HOW TO COMPLETE THIS TASK. Please return the lines below verbatim, beginning at the one that has "#42=DIRECTION('',(-1.,0.,0.));" and stopping after the one that has "#78=CARTESIAN_POINT('',(0.,-2.53703308361608E-13,73.));", and add no other lines.

SOURCE RECORDS.
-- Opening Marker --
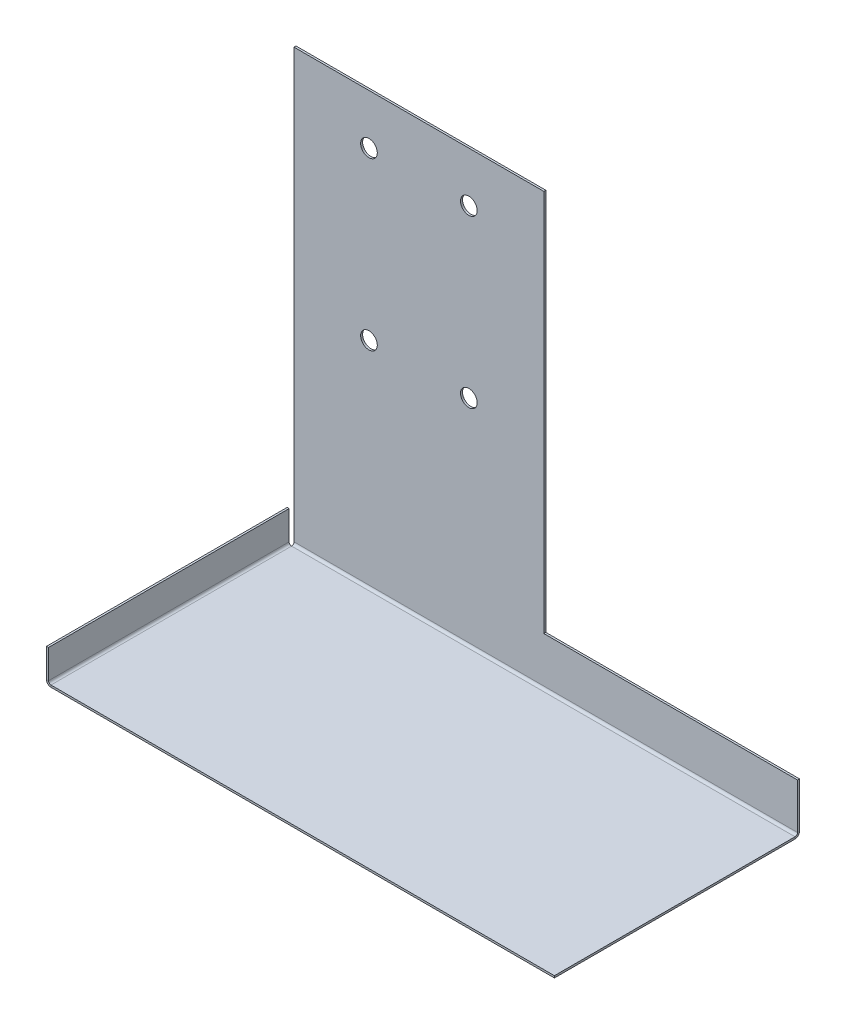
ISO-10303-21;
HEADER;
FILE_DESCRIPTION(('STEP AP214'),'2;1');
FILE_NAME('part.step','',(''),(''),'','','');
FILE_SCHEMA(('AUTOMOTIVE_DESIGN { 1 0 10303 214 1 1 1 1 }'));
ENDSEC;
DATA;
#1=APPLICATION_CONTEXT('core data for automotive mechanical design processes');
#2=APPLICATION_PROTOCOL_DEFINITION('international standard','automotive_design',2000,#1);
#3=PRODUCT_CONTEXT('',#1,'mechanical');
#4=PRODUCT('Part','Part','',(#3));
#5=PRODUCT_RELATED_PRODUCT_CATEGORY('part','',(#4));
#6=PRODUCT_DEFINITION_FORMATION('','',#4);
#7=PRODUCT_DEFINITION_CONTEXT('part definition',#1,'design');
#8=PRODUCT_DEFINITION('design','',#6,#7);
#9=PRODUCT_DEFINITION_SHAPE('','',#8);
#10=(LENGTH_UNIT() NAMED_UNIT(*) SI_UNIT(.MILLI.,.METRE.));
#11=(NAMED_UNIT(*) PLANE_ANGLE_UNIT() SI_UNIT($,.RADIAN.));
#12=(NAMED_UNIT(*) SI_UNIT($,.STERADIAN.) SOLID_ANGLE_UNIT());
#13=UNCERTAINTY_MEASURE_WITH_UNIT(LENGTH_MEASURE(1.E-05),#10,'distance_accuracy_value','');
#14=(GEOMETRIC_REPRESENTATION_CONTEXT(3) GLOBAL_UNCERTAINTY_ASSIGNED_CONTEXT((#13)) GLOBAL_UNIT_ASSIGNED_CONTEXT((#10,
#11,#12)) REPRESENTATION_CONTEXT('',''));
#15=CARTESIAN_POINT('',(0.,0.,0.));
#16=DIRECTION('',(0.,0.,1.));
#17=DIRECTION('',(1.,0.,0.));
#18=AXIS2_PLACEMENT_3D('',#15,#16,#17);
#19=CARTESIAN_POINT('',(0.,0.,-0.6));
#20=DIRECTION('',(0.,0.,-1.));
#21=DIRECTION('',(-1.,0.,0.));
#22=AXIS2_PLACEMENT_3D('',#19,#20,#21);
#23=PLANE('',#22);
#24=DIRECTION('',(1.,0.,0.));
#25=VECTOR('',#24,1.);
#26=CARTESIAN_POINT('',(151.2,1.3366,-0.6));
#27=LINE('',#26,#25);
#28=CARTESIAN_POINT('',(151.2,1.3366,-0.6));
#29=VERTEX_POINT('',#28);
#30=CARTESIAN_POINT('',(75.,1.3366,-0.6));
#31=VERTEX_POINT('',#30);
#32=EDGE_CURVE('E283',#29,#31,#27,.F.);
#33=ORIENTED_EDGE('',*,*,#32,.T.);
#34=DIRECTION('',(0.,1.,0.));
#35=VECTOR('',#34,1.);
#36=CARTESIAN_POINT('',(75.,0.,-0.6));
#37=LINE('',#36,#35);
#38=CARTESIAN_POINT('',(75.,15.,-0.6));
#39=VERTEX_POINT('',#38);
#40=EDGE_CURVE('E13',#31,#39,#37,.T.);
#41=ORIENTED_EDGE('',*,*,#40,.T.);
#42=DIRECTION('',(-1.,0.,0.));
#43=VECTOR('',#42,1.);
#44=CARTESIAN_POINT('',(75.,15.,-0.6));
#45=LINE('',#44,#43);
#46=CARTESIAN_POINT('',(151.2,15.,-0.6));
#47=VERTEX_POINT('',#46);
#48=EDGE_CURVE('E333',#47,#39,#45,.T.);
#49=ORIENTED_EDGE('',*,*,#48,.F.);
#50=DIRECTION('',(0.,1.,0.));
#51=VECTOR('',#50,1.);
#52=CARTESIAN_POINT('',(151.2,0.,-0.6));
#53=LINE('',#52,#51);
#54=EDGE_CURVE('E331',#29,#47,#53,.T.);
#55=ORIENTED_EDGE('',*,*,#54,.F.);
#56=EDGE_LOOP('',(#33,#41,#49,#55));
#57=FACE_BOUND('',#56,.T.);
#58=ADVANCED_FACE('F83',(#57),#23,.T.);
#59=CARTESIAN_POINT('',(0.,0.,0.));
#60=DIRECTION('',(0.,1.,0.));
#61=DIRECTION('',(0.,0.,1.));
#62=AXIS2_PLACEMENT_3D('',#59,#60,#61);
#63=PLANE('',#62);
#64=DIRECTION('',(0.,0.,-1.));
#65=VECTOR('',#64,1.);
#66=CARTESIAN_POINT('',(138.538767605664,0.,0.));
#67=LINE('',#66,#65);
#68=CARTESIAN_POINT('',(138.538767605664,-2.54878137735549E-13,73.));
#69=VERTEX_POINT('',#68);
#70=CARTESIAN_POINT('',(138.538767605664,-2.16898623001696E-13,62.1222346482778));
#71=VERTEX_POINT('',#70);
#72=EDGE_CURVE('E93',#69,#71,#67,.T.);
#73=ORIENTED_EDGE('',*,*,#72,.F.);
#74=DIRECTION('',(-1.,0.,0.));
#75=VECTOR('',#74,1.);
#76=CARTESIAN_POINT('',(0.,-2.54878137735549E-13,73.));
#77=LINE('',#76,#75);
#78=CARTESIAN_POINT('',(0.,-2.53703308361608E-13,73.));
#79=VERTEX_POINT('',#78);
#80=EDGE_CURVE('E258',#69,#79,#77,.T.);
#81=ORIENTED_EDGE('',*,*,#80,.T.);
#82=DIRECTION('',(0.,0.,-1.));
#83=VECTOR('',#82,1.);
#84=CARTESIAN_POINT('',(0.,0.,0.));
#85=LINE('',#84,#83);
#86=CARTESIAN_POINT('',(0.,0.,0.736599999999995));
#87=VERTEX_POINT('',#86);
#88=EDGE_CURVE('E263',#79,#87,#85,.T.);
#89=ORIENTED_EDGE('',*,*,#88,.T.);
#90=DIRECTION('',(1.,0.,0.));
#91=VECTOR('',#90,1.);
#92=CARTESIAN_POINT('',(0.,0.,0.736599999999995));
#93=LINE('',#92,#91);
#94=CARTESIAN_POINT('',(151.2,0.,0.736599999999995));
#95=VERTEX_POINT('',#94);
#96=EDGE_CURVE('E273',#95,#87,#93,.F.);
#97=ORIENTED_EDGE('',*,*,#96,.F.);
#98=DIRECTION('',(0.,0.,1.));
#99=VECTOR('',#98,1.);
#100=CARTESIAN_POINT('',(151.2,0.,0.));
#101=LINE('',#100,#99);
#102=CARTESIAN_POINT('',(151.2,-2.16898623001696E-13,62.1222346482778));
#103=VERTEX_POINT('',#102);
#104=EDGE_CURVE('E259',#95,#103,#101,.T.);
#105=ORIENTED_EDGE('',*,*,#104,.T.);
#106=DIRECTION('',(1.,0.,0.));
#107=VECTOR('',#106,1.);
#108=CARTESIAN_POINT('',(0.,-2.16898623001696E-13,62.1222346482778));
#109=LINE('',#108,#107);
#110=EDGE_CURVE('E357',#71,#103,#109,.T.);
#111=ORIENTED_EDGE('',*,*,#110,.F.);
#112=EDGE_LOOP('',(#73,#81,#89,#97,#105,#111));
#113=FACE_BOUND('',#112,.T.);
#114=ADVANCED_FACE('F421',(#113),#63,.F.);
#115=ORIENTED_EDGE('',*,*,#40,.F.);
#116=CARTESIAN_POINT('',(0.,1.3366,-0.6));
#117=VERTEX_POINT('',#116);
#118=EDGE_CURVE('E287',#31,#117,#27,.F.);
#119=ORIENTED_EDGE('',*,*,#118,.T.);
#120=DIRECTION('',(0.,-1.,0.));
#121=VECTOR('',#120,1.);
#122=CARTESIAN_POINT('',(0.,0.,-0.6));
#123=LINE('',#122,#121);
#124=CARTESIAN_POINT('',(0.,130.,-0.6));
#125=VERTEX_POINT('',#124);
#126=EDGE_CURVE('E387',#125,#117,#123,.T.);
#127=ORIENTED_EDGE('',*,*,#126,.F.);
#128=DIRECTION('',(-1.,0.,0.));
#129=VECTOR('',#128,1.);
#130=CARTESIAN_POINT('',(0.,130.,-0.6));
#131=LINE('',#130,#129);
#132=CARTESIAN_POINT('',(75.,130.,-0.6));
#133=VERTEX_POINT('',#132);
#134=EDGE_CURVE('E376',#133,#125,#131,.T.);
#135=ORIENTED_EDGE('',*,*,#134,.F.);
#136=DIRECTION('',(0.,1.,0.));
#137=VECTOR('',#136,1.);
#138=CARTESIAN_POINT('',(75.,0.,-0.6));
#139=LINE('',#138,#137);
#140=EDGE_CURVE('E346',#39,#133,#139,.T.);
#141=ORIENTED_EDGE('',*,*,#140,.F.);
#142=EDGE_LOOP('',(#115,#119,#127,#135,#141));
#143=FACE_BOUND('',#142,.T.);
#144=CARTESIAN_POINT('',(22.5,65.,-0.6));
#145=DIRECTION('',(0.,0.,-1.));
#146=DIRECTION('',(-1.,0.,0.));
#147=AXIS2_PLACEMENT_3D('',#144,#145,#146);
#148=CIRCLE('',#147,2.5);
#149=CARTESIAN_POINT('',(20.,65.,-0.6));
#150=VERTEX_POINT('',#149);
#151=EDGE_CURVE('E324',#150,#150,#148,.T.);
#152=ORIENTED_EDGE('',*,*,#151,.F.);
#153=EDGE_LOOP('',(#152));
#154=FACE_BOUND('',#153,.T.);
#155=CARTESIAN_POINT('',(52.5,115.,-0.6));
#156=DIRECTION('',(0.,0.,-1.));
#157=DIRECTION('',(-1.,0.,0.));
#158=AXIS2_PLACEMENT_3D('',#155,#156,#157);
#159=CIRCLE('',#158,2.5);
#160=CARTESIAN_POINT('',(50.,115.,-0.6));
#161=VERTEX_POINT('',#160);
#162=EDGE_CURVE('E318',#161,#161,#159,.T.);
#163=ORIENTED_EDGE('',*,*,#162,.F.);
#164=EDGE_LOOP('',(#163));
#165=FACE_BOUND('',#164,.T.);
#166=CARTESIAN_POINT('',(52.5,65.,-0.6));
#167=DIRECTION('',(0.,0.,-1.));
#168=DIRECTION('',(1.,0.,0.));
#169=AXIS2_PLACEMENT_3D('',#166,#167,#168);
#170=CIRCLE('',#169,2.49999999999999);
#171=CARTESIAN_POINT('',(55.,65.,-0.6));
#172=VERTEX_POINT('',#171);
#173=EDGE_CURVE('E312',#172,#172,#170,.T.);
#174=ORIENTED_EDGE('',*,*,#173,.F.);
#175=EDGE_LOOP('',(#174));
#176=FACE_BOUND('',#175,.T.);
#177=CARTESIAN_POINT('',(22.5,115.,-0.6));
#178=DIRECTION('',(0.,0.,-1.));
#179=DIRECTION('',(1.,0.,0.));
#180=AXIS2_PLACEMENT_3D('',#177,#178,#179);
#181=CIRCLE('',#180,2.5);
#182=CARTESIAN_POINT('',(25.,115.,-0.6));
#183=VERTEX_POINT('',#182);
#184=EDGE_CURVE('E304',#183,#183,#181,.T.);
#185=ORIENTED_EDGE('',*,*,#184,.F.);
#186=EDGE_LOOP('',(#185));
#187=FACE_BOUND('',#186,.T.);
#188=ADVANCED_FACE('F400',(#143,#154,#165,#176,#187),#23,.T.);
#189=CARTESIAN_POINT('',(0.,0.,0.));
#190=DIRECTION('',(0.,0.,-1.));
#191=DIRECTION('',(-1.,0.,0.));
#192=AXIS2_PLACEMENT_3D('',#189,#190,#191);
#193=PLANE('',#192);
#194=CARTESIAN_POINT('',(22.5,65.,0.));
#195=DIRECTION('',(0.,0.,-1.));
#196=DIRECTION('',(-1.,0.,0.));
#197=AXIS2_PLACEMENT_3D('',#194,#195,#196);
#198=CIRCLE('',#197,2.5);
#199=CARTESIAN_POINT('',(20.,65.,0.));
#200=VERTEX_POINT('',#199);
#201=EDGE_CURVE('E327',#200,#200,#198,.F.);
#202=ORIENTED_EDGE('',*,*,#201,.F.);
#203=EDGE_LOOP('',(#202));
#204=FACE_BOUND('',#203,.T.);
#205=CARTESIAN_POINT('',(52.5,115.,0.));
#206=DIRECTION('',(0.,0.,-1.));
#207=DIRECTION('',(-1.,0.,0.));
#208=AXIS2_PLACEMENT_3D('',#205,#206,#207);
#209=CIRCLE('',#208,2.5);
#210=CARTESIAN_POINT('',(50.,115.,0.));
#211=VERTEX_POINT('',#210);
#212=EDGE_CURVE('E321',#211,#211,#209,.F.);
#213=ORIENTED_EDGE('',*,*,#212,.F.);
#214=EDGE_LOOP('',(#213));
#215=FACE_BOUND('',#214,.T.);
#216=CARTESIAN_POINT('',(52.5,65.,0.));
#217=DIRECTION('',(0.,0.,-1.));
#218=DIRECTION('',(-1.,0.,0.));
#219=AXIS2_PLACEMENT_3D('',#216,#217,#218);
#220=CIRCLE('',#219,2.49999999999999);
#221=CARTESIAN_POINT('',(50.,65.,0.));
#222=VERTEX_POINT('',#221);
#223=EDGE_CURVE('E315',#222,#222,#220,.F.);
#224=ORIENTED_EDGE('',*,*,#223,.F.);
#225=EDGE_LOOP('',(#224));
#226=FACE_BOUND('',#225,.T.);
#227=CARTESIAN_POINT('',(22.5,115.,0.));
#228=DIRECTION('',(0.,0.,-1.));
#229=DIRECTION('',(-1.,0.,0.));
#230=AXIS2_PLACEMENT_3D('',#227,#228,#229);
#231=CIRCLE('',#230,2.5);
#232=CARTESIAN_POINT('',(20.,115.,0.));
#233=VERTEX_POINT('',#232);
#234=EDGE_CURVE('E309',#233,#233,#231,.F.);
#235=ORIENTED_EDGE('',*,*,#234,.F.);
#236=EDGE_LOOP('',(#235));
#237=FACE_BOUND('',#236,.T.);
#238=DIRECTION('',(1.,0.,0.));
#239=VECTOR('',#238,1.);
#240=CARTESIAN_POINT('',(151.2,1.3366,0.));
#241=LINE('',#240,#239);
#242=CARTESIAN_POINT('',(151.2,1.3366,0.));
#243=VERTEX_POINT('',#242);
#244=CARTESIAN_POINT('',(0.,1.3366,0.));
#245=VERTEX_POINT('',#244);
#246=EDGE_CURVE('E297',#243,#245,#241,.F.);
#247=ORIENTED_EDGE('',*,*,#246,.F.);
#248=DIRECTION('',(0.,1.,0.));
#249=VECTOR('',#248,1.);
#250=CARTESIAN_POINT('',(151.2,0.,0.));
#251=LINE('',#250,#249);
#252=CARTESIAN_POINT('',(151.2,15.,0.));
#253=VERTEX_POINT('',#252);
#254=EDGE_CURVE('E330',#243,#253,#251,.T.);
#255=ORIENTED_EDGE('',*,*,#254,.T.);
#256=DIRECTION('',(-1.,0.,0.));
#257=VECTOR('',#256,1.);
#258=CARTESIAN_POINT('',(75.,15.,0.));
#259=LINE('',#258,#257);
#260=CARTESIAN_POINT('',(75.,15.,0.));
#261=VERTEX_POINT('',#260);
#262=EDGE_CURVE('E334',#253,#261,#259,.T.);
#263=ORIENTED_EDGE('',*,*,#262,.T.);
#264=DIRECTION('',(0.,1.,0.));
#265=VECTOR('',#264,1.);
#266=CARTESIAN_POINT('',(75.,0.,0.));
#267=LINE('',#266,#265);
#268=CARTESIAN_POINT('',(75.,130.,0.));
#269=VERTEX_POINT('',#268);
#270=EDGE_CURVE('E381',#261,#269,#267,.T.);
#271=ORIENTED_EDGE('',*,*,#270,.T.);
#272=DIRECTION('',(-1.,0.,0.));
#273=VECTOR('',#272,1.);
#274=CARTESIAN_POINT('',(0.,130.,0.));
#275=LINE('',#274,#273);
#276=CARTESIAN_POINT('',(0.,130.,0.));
-- Closing Marker --
ANSWER TO THIS TASK.
#42=DIRECTION('',(-1.,0.,0.));
#43=VECTOR('',#42,1.);
#44=CARTESIAN_POINT('',(75.,15.,-0.6));
#45=LINE('',#44,#43);
#46=CARTESIAN_POINT('',(151.2,15.,-0.6));
#47=VERTEX_POINT('',#46);
#48=EDGE_CURVE('E333',#47,#39,#45,.T.);
#49=ORIENTED_EDGE('',*,*,#48,.F.);
#50=DIRECTION('',(0.,1.,0.));
#51=VECTOR('',#50,1.);
#52=CARTESIAN_POINT('',(151.2,0.,-0.6));
#53=LINE('',#52,#51);
#54=EDGE_CURVE('E331',#29,#47,#53,.T.);
#55=ORIENTED_EDGE('',*,*,#54,.F.);
#56=EDGE_LOOP('',(#33,#41,#49,#55));
#57=FACE_BOUND('',#56,.T.);
#58=ADVANCED_FACE('F83',(#57),#23,.T.);
#59=CARTESIAN_POINT('',(0.,0.,0.));
#60=DIRECTION('',(0.,1.,0.));
#61=DIRECTION('',(0.,0.,1.));
#62=AXIS2_PLACEMENT_3D('',#59,#60,#61);
#63=PLANE('',#62);
#64=DIRECTION('',(0.,0.,-1.));
#65=VECTOR('',#64,1.);
#66=CARTESIAN_POINT('',(138.538767605664,0.,0.));
#67=LINE('',#66,#65);
#68=CARTESIAN_POINT('',(138.538767605664,-2.54878137735549E-13,73.));
#69=VERTEX_POINT('',#68);
#70=CARTESIAN_POINT('',(138.538767605664,-2.16898623001696E-13,62.1222346482778));
#71=VERTEX_POINT('',#70);
#72=EDGE_CURVE('E93',#69,#71,#67,.T.);
#73=ORIENTED_EDGE('',*,*,#72,.F.);
#74=DIRECTION('',(-1.,0.,0.));
#75=VECTOR('',#74,1.);
#76=CARTESIAN_POINT('',(0.,-2.54878137735549E-13,73.));
#77=LINE('',#76,#75);
#78=CARTESIAN_POINT('',(0.,-2.53703308361608E-13,73.));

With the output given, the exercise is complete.